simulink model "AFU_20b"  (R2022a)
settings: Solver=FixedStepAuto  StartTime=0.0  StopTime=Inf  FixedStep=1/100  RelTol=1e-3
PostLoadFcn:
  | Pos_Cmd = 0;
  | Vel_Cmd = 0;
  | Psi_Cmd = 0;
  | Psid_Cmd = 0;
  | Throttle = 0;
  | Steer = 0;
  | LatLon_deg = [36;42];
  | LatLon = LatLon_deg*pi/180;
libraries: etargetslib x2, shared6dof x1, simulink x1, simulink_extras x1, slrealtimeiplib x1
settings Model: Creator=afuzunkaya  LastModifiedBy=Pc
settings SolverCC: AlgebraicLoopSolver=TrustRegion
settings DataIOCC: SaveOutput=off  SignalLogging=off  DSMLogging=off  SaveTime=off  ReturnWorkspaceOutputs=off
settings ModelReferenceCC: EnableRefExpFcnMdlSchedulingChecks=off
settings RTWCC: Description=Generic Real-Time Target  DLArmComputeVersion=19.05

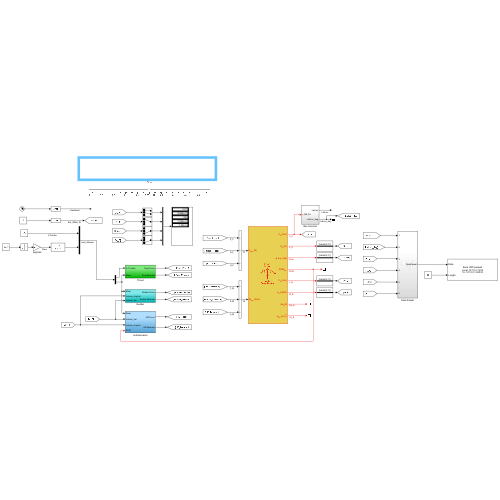
[thumbnail: Simulink's stored preview of the top-level diagram]
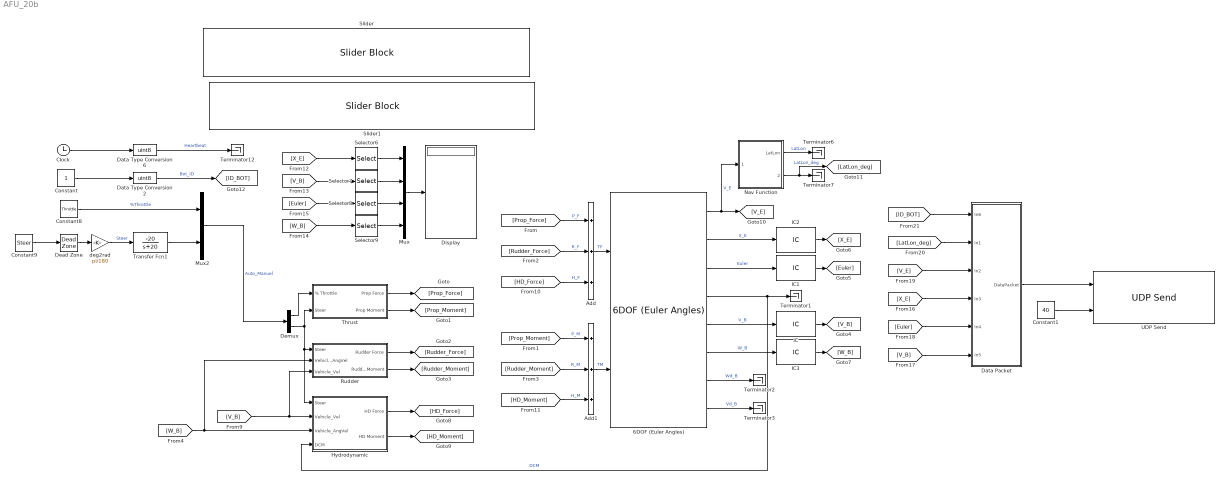
== system AFU_20b ==
  6DOF (Euler Angles) : shared6dof/6DOF (Euler Angles)  units=Metric (MKS)  mtype=Fixed  rep=Euler Angles  xme_0=[0 0 0]  Vm_0=[0 0 0]  eul_0=[0 0 0]  pm_0=[0 0 0]  mass_0=250  mass_e=0.5  mass_f=2.0  inertia=eye(3)*15  inertia_e=eye(3)  inertia_f=2*eye(3)  k_quat=1.0  vre_flag=on  abi_flag=off  aMode=0  xme_statename=''  Vm_statename=''  eul_statename=''  quat_statename=''  pm_statename=''  mass_statename=''
      settings: SourceProductBaseCode=AE,PW,DR,MT,VE
  Add : Sum  Inputs=+++
  Add1 : Sum  Inputs=+++
  Clock : Clock
  Constant : Constant
  Constant1 : Constant  Value=40
  Constant8 : Constant  Value=Throttle
  Constant9 : Constant  Value=Steer
  Data Packet : Subsystem
  Data Type Conversion2 : DataTypeConversion  OutDataTypeStr=uint8  RndMeth=Nearest  SaturateOnIntegerOverflow=off
  Data Type Conversion6 : DataTypeConversion  OutDataTypeStr=uint8  RndMeth=Nearest
  Dead Zone : DeadZone  LowerValue=-0.01  UpperValue=0.01
  Demux : Demux  Outputs=2
  Display : Display
  Hydrodynamic : Subsystem
  IC{,1..3} (4 alike) : InitialCondition  Value=zeros(3,1)
  Mux : Mux
  Mux2 : Mux  Inputs=2
  Nav Function : Subsystem
  Rudder : Subsystem
  Selector6 : Selector  InputPortWidth=3  IndexOptions=Index vector (dialog)  Indices=[1 2]  OutputSizes=1
  Selector7 : Selector  InputPortWidth=3  IndexOptions=Index vector (dialog)  Indices=1  OutputSizes=1
  Selector8 : Selector  InputPortWidth=3  IndexOptions=Index vector (dialog)  Indices=3  OutputSizes=1
  Selector9 : Selector  InputPortWidth=3  IndexOptions=Index vector (dialog)  Indices=3  OutputSizes=1
  Slider : SliderBlock  ScaleMin=-100  TickInterval=25
  Slider1 : SliderBlock  ScaleMin=-1  ScaleMax=1  TickInterval=0.2
  Terminator{1..3,6..7,12} (6 alike) : Terminator
  Thrust : Subsystem
  Transfer Fcn1 : TransferFcn  Numerator=-20  Denominator=[1 20]
  UDP Send : slrealtimeiplib/UDP Send  useHostTargetConn=off  toAddress=127.0.0.1  toPort=22333  sampleTime=0.01*2  enableMessage=off  ipAddress=127.0.0.1  localPort=222
      settings: SourceProductBaseCode=XP
  deg2rad : Gain  Gain=pi/180
  wires:
  Thrust/1(Prop Force) -> [Prop_Force]
  Thrust/2(Prop Moment) -> [Prop_Moment]
  [Prop_Force] -> Add/1  "P_F"
  [Prop_Moment] -> Add1/1  "P_M"
  Add1/1 -> 6DOF (Euler Angles)/2  "TM"
  [Rudder_Moment] -> Add1/2  "R_M"
  Rudder/2(Rudder Moment) -> [Rudder_Moment]
  Rudder/1(Rudder Force) -> [Rudder_Force]
  [Rudder_Force] -> Add/2  "R_F"
  6DOF (Euler Angles)/5 -> IC/1  "V_B"
  IC/1 -> [V_B]
  IC1/1 -> [Euler]
  6DOF (Euler Angles)/3 -> IC1/1  "Euler"
  IC2/1 -> [X_E]
  6DOF (Euler Angles)/2 -> IC2/1  "X_E"
  6DOF (Euler Angles)/6 -> IC3/1  "W_B"
  6DOF (Euler Angles)/1 -> [V_E], Nav Function/1(v_BE_Fe)  "V_E"
  6DOF (Euler Angles)/4 -> Hydrodynamic/4(DCM), Terminator1/1  "DCM"
  6DOF (Euler Angles)/7 -> Terminator2/1  "Wd_B"
  6DOF (Euler Angles)/8 -> Terminator3/1  "Vd_B"
  [V_B] -> Rudder/3(Vehicle_Vel), Hydrodynamic/2(Vehicle_Vel)
  Hydrodynamic/1(HD Force) -> [HD_Force]
  Hydrodynamic/2(HD Moment) -> [HD_Moment]
  [HD_Force] -> Add/3  "H_F"
  [HD_Moment] -> Add1/3  "H_M"
  [X_E] -> Selector6/1
  [V_B] -> Selector7/1
  Selector9/1 -> Mux/4
  Selector8/1 -> Mux/3
  [Euler] -> Selector8/1
  [W_B] -> Selector9/1
  Selector6/1 -> Mux/1
  Selector7/1 -> Mux/2
  Mux/1 -> Display/1
  Demux/1 -> Thrust/1(% Throttle)
  Demux/2 -> Hydrodynamic/1(Steer), Rudder/1(Steer), Thrust/2(Steer)
  Constant8/1 -> Mux2/1  "%Throttle"
  Constant9/1 -> Dead Zone/1
  Transfer Fcn1/1 -> Mux2/2
  deg2rad/1 -> Transfer Fcn1/1  "Steer"
  [W_B] -> Rudder/2(Vehicle_AngVel), Hydrodynamic/3(Vehicle_AngVel)
  Nav Function/2(LatLon_deg) -> [LatLon_deg], Terminator7/1  "LatLon_deg"
  Nav Function/1(LatLon) -> Terminator6/1  "LatLon"
  Dead Zone/1 -> deg2rad/1
  Constant1/1 -> UDP Send/2
  Add/1 -> 6DOF (Euler Angles)/1  "TF"
  IC3/1 -> [W_B]
  Data Type Conversion2/1 -> [ID_BOT]  "Bot_ID"
  Constant/1 -> Data Type Conversion2/1
  Clock/1 -> Data Type Conversion6/1
  Data Type Conversion6/1 -> Terminator12/1  "Heartbeat"
  [LatLon_deg] -> Data Packet/2(In1)
  [V_E] -> Data Packet/3(In2)
  [X_E] -> Data Packet/4(In3)
  [Euler] -> Data Packet/5(In4)
  [V_B] -> Data Packet/6(In5)
  Data Packet/1(DataPacket) -> UDP Send/1
  [ID_BOT] -> Data Packet/1(In6)
  Mux2/1 -> Demux/1  "Auto_Manuel"

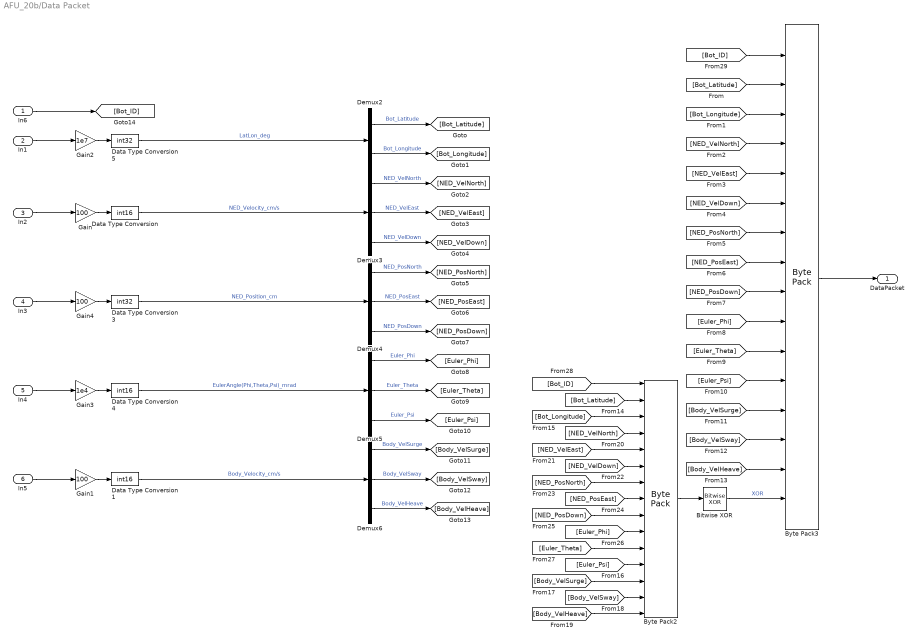
== system AFU_20b/Data Packet ==
  In6 : Inport
  In1 : Inport  Port=2
  In2 : Inport  Port=3
  In3 : Inport  Port=4
  In4 : Inport  Port=5
  In5 : Inport  Port=6
  Bitwise XOR : simulink/Logic and Bit Operations/Bitwise Operator  logicop=XOR  UseBitMask=off  BitMask=bin2dec('11011001')  BitMaskRealWorld=Stored Integer
  Byte Pack2 : etargetslib/Byte Pack  datatypes={'uint8','int32','int32','int16','int16','int16','int32','int32','int32','int16','int16','int16','int16','int16','int16'}  byteAlign=1
  Byte Pack3 : etargetslib/Byte Pack  datatypes={'uint8','int32','int32','int16','int16','int16','int32','int32','int32','int16','int16','int16','int16','int16','int16','uint8'}  byteAlign=1
  Data Type Conversion : DataTypeConversion  OutDataTypeStr=int16  RndMeth=Nearest  SaturateOnIntegerOverflow=off
  Data Type Conversion1 : DataTypeConversion  OutDataTypeStr=int16  RndMeth=Nearest  SaturateOnIntegerOverflow=off
  Data Type Conversion3 : DataTypeConversion  OutDataTypeStr=int32  RndMeth=Nearest  SaturateOnIntegerOverflow=off
  Data Type Conversion4 : DataTypeConversion  OutDataTypeStr=int16  RndMeth=Nearest  SaturateOnIntegerOverflow=off
  Data Type Conversion5 : DataTypeConversion  OutDataTypeStr=int32  RndMeth=Nearest  SaturateOnIntegerOverflow=off
  Demux2 : Demux  Outputs=2
  Demux{3..6} (4 alike) : Demux  Outputs=3
  Gain : Gain  Gain=100
  Gain1 : Gain  Gain=100
  Gain2 : Gain  Gain=1e7
  Gain3 : Gain  Gain=1e4
  Gain4 : Gain  Gain=100
  DataPacket : Outport
  wires:
  Data Type Conversion/1 -> Demux3/1  "NED_Velocity_cm/s"
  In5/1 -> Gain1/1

» EXERCISE OBJECTIVE:
With the pictures omitted, set down each line exactly, starting at the first line of the records above and ending with the line that contains "Hydrodynamic : Subsystem".

» WRITTEN ANSWER:
simulink model "AFU_20b"  (R2022a)
settings: Solver=FixedStepAuto  StartTime=0.0  StopTime=Inf  FixedStep=1/100  RelTol=1e-3
PostLoadFcn:
  | Pos_Cmd = 0;
  | Vel_Cmd = 0;
  | Psi_Cmd = 0;
  | Psid_Cmd = 0;
  | Throttle = 0;
  | Steer = 0;
  | LatLon_deg = [36;42];
  | LatLon = LatLon_deg*pi/180;
libraries: etargetslib x2, shared6dof x1, simulink x1, simulink_extras x1, slrealtimeiplib x1
settings Model: Creator=afuzunkaya  LastModifiedBy=Pc
settings SolverCC: AlgebraicLoopSolver=TrustRegion
settings DataIOCC: SaveOutput=off  SignalLogging=off  DSMLogging=off  SaveTime=off  ReturnWorkspaceOutputs=off
settings ModelReferenceCC: EnableRefExpFcnMdlSchedulingChecks=off
settings RTWCC: Description=Generic Real-Time Target  DLArmComputeVersion=19.05

[thumbnail: Simulink's stored preview of the top-level diagram]
== system AFU_20b ==
  6DOF (Euler Angles) : shared6dof/6DOF (Euler Angles)  units=Metric (MKS)  mtype=Fixed  rep=Euler Angles  xme_0=[0 0 0]  Vm_0=[0 0 0]  eul_0=[0 0 0]  pm_0=[0 0 0]  mass_0=250  mass_e=0.5  mass_f=2.0  inertia=eye(3)*15  inertia_e=eye(3)  inertia_f=2*eye(3)  k_quat=1.0  vre_flag=on  abi_flag=off  aMode=0  xme_statename=''  Vm_statename=''  eul_statename=''  quat_statename=''  pm_statename=''  mass_statename=''
      settings: SourceProductBaseCode=AE,PW,DR,MT,VE
  Add : Sum  Inputs=+++
  Add1 : Sum  Inputs=+++
  Clock : Clock
  Constant : Constant
  Constant1 : Constant  Value=40
  Constant8 : Constant  Value=Throttle
  Constant9 : Constant  Value=Steer
  Data Packet : Subsystem
  Data Type Conversion2 : DataTypeConversion  OutDataTypeStr=uint8  RndMeth=Nearest  SaturateOnIntegerOverflow=off
  Data Type Conversion6 : DataTypeConversion  OutDataTypeStr=uint8  RndMeth=Nearest
  Dead Zone : DeadZone  LowerValue=-0.01  UpperValue=0.01
  Demux : Demux  Outputs=2
  Display : Display
  Hydrodynamic : Subsystem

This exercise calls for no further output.